## What to produce:
Write out each record in full and exactly as given. Skip any pictures.
== Segment start ==
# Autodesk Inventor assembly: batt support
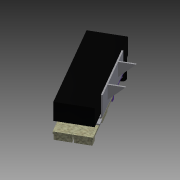
[picture p0: Inventor's stored thumbnail of the model, 180x180]
Saved by Autodesk Inventor 2015 (Build 190159000, 159)
## iProperties
Created: 2015-05-04
Part Number: batt support
Document SubType Name: Assembly
Designer: Kuba
Author: Kuba
## Documents named in this file (10)
- C:\Users\Kuba\Dysk Google\synergia\Synergolf\model\GOLF\batt support\batt support.iam
- C:\Users\Kuba\Dysk Google\synergia\Synergolf\model\GOLF\lipol_6000.ipt
- C:\Users\Kuba\Dysk Google\synergia\Synergolf\model\GOLF\batt support\dociskacz.ipt
- C:\Users\Kuba\Dysk Google\synergia\Synergolf\model\GOLF\batt support\batt-logic support.ipt
- C:\Users\Kuba\Dysk Google\synergia\Synergolf\model\GOLF\rbc support\rbc support.iam
- C:\Users\Kuba\Dysk Google\synergia\Synergolf\model\GOLF\batt support\step up.ipt
- C:\Users\Kuba\Dysk Google\synergia\Synergolf\model\GOLF\batt support\step down.ipt
- C:\Users\Kuba\Dysk Google\synergia\Synergolf\model\GOLF\ContentCenter\pl-PL\DIN 912\DIN 912 - M3 x 0,5 x 12 x 10,75.ipt
- C:\Users\Kuba\Dysk Google\synergia\Synergolf\model\GOLF\batt support\dystans rbc.ipt
- C:\Users\Kuba\Dysk Google\synergia\Synergolf\model\GOLF\driver\wspornik.ipt
## Components (17 placed, 9 different names)
1. lipol_6000:1 — Równoległy:1, Zestawiający:1, Zestawiający:2, Zestawiający:3, Równoległy:2, Zestawiający:4, Równoległy:8
2. batt-logic support:1 — Zestawiający:3, Równoległy:2, Zestawiający:4, Równoległy:7, Zestawiający:8, Równoległy:13, Równoległy:14, Zestawiający:9, Równoległy:15, Równoległy:16
3. rbc support:1 [sub-assembly] — Równoległy:5, Zestawiający:6, Równoległy:6, Równoległy:7, Równoległy:8
4. step up:1 — Wstaw:1, Wstaw:2, Wstaw:11, Wstaw:12, Zestawiający:5, Równoległy:4, Równoległy:6
5. step down:1 — Wstaw:3, Wstaw:4, Wstaw:13, Wstaw:14, Zestawiający:5, Równoległy:4, Zestawiający:6
6. DIN 912 - zastąpiona przez DIN EN ISO 4762 M3 x 12:3 — Wstaw:1
7. DIN 912 - zastąpiona przez DIN EN ISO 4762 M3 x 12:4 — Wstaw:2
8. DIN 912 - zastąpiona przez DIN EN ISO 4762 M3 x 12:1 — Wstaw:3
9. DIN 912 - zastąpiona przez DIN EN ISO 4762 M3 x 12:2 — Wstaw:4
10. dystans rbc:1 — Wstaw:11
11. dystans rbc:2 — Wstaw:12, Równoległy:3
12. dystans rbc:3 — Wstaw:13, Równoległy:3, Równoległy:5
13. dystans rbc:4 — Wstaw:14
14. wspornik:1 — Zestawiający:9, Równoległy:15, Równoległy:16
15. wspornik:2 — Zestawiający:8, Równoległy:13, Równoległy:14
16. dociskacz:1 — Równoległy:1, Zestawiający:1, Zestawiający:2
17. dociskacz:2
## Component patterns: (2 elements, first: dociskacz:1)
## Relationships (28: Flush 12, Mate 8, Insert 8)
- Równoległy:1 [Flush]: lipol_6000:1 ↔ dociskacz:1
- Zestawiający:1 [Mate]: lipol_6000:1 ↔ dociskacz:1
- Zestawiający:2 [Mate] (-30 mm): lipol_6000:1 ↔ dociskacz:1
- Zestawiający:3 [Mate]: lipol_6000:1 ↔ batt-logic support:1
- Równoległy:2 [Flush]: lipol_6000:1 ↔ batt-logic support:1
- Zestawiający:4 [Mate]: lipol_6000:1 ↔ batt-logic support:1
- Wstaw:1 [Insert]: step up:1 ↔ DIN 912 - zastąpiona przez DIN EN ISO 4762 M3 x 12:3
- Wstaw:2 [Insert]: step up:1 ↔ DIN 912 - zastąpiona przez DIN EN ISO 4762 M3 x 12:4
- Wstaw:3 [Insert]: step down:1 ↔ DIN 912 - zastąpiona przez DIN EN ISO 4762 M3 x 12:1
- Wstaw:4 [Insert]: step down:1 ↔ DIN 912 - zastąpiona przez DIN EN ISO 4762 M3 x 12:2
- Wstaw:11 [Insert]: step up:1 ↔ dystans rbc:1
- Wstaw:12 [Insert]: step up:1 ↔ dystans rbc:2
- Wstaw:13 [Insert]: step down:1 ↔ dystans rbc:3
- Wstaw:14 [Insert]: step down:1 ↔ dystans rbc:4
- Równoległy:3 [Flush]: dystans rbc:2 ↔ dystans rbc:3
- Zestawiający:5 [Mate] (3 mm): step up:1 ↔ step down:1
- Równoległy:4 [Flush]: step up:1 ↔ step down:1
- Równoległy:5 [Flush]: rbc support:1 ↔ dystans rbc:3
- Zestawiający:6 [Mate] (3 mm): rbc support:1 ↔ step down:1
- Równoległy:6 [Flush]: rbc support:1 ↔ step up:1
- Równoległy:7 [Flush]: batt-logic support:1 ↔ rbc support:1
- Równoległy:8 [Flush] (-3 mm): lipol_6000:1 ↔ rbc support:1
- Zestawiający:8 [Mate]: batt-logic support:1 ↔ wspornik:2
- Równoległy:13 [Flush]: batt-logic support:1 ↔ wspornik:2
- Równoległy:14 [Flush] (20 mm): batt-logic support:1 ↔ wspornik:2
- Zestawiający:9 [Mate]: batt-logic support:1 ↔ wspornik:1
- Równoległy:15 [Flush]: batt-logic support:1 ↔ wspornik:1
- Równoległy:16 [Flush] (20 mm): batt-logic support:1 ↔ wspornik:1
== Segment end ==
## Answer space:
# Autodesk Inventor assembly: batt support
[picture p0: Inventor's stored thumbnail of the model, 180x180]
Saved by Autodesk Inventor 2015 (Build 190159000, 159)
## iProperties
Created: 2015-05-04
Part Number: batt support
Document SubType Name: Assembly
Designer: Kuba
Author: Kuba
## Documents named in this file (10)
- C:\Users\Kuba\Dysk Google\synergia\Synergolf\model\GOLF\batt support\batt support.iam
- C:\Users\Kuba\Dysk Google\synergia\Synergolf\model\GOLF\lipol_6000.ipt
- C:\Users\Kuba\Dysk Google\synergia\Synergolf\model\GOLF\batt support\dociskacz.ipt
- C:\Users\Kuba\Dysk Google\synergia\Synergolf\model\GOLF\batt support\batt-logic support.ipt
- C:\Users\Kuba\Dysk Google\synergia\Synergolf\model\GOLF\rbc support\rbc support.iam
- C:\Users\Kuba\Dysk Google\synergia\Synergolf\model\GOLF\batt support\step up.ipt
- C:\Users\Kuba\Dysk Google\synergia\Synergolf\model\GOLF\batt support\step down.ipt
- C:\Users\Kuba\Dysk Google\synergia\Synergolf\model\GOLF\ContentCenter\pl-PL\DIN 912\DIN 912 - M3 x 0,5 x 12 x 10,75.ipt
- C:\Users\Kuba\Dysk Google\synergia\Synergolf\model\GOLF\batt support\dystans rbc.ipt
- C:\Users\Kuba\Dysk Google\synergia\Synergolf\model\GOLF\driver\wspornik.ipt
## Components (17 placed, 9 different names)
1. lipol_6000:1 — Równoległy:1, Zestawiający:1, Zestawiający:2, Zestawiający:3, Równoległy:2, Zestawiający:4, Równoległy:8
2. batt-logic support:1 — Zestawiający:3, Równoległy:2, Zestawiający:4, Równoległy:7, Zestawiający:8, Równoległy:13, Równoległy:14, Zestawiający:9, Równoległy:15, Równoległy:16
3. rbc support:1 [sub-assembly] — Równoległy:5, Zestawiający:6, Równoległy:6, Równoległy:7, Równoległy:8
4. step up:1 — Wstaw:1, Wstaw:2, Wstaw:11, Wstaw:12, Zestawiający:5, Równoległy:4, Równoległy:6
5. step down:1 — Wstaw:3, Wstaw:4, Wstaw:13, Wstaw:14, Zestawiający:5, Równoległy:4, Zestawiający:6
6. DIN 912 - zastąpiona przez DIN EN ISO 4762 M3 x 12:3 — Wstaw:1
7. DIN 912 - zastąpiona przez DIN EN ISO 4762 M3 x 12:4 — Wstaw:2
8. DIN 912 - zastąpiona przez DIN EN ISO 4762 M3 x 12:1 — Wstaw:3
9. DIN 912 - zastąpiona przez DIN EN ISO 4762 M3 x 12:2 — Wstaw:4
10. dystans rbc:1 — Wstaw:11
11. dystans rbc:2 — Wstaw:12, Równoległy:3
12. dystans rbc:3 — Wstaw:13, Równoległy:3, Równoległy:5
13. dystans rbc:4 — Wstaw:14
14. wspornik:1 — Zestawiający:9, Równoległy:15, Równoległy:16
15. wspornik:2 — Zestawiający:8, Równoległy:13, Równoległy:14
16. dociskacz:1 — Równoległy:1, Zestawiający:1, Zestawiający:2
17. dociskacz:2
## Component patterns: (2 elements, first: dociskacz:1)
## Relationships (28: Flush 12, Mate 8, Insert 8)
- Równoległy:1 [Flush]: lipol_6000:1 ↔ dociskacz:1
- Zestawiający:1 [Mate]: lipol_6000:1 ↔ dociskacz:1
- Zestawiający:2 [Mate] (-30 mm): lipol_6000:1 ↔ dociskacz:1
- Zestawiający:3 [Mate]: lipol_6000:1 ↔ batt-logic support:1
- Równoległy:2 [Flush]: lipol_6000:1 ↔ batt-logic support:1
- Zestawiający:4 [Mate]: lipol_6000:1 ↔ batt-logic support:1
- Wstaw:1 [Insert]: step up:1 ↔ DIN 912 - zastąpiona przez DIN EN ISO 4762 M3 x 12:3
- Wstaw:2 [Insert]: step up:1 ↔ DIN 912 - zastąpiona przez DIN EN ISO 4762 M3 x 12:4
- Wstaw:3 [Insert]: step down:1 ↔ DIN 912 - zastąpiona przez DIN EN ISO 4762 M3 x 12:1
- Wstaw:4 [Insert]: step down:1 ↔ DIN 912 - zastąpiona przez DIN EN ISO 4762 M3 x 12:2
- Wstaw:11 [Insert]: step up:1 ↔ dystans rbc:1
- Wstaw:12 [Insert]: step up:1 ↔ dystans rbc:2
- Wstaw:13 [Insert]: step down:1 ↔ dystans rbc:3
- Wstaw:14 [Insert]: step down:1 ↔ dystans rbc:4
- Równoległy:3 [Flush]: dystans rbc:2 ↔ dystans rbc:3
- Zestawiający:5 [Mate] (3 mm): step up:1 ↔ step down:1
- Równoległy:4 [Flush]: step up:1 ↔ step down:1
- Równoległy:5 [Flush]: rbc support:1 ↔ dystans rbc:3
- Zestawiający:6 [Mate] (3 mm): rbc support:1 ↔ step down:1
- Równoległy:6 [Flush]: rbc support:1 ↔ step up:1
- Równoległy:7 [Flush]: batt-logic support:1 ↔ rbc support:1
- Równoległy:8 [Flush] (-3 mm): lipol_6000:1 ↔ rbc support:1
- Zestawiający:8 [Mate]: batt-logic support:1 ↔ wspornik:2
- Równoległy:13 [Flush]: batt-logic support:1 ↔ wspornik:2
- Równoległy:14 [Flush] (20 mm): batt-logic support:1 ↔ wspornik:2
- Zestawiający:9 [Mate]: batt-logic support:1 ↔ wspornik:1
- Równoległy:15 [Flush]: batt-logic support:1 ↔ wspornik:1
- Równoległy:16 [Flush] (20 mm): batt-logic support:1 ↔ wspornik:1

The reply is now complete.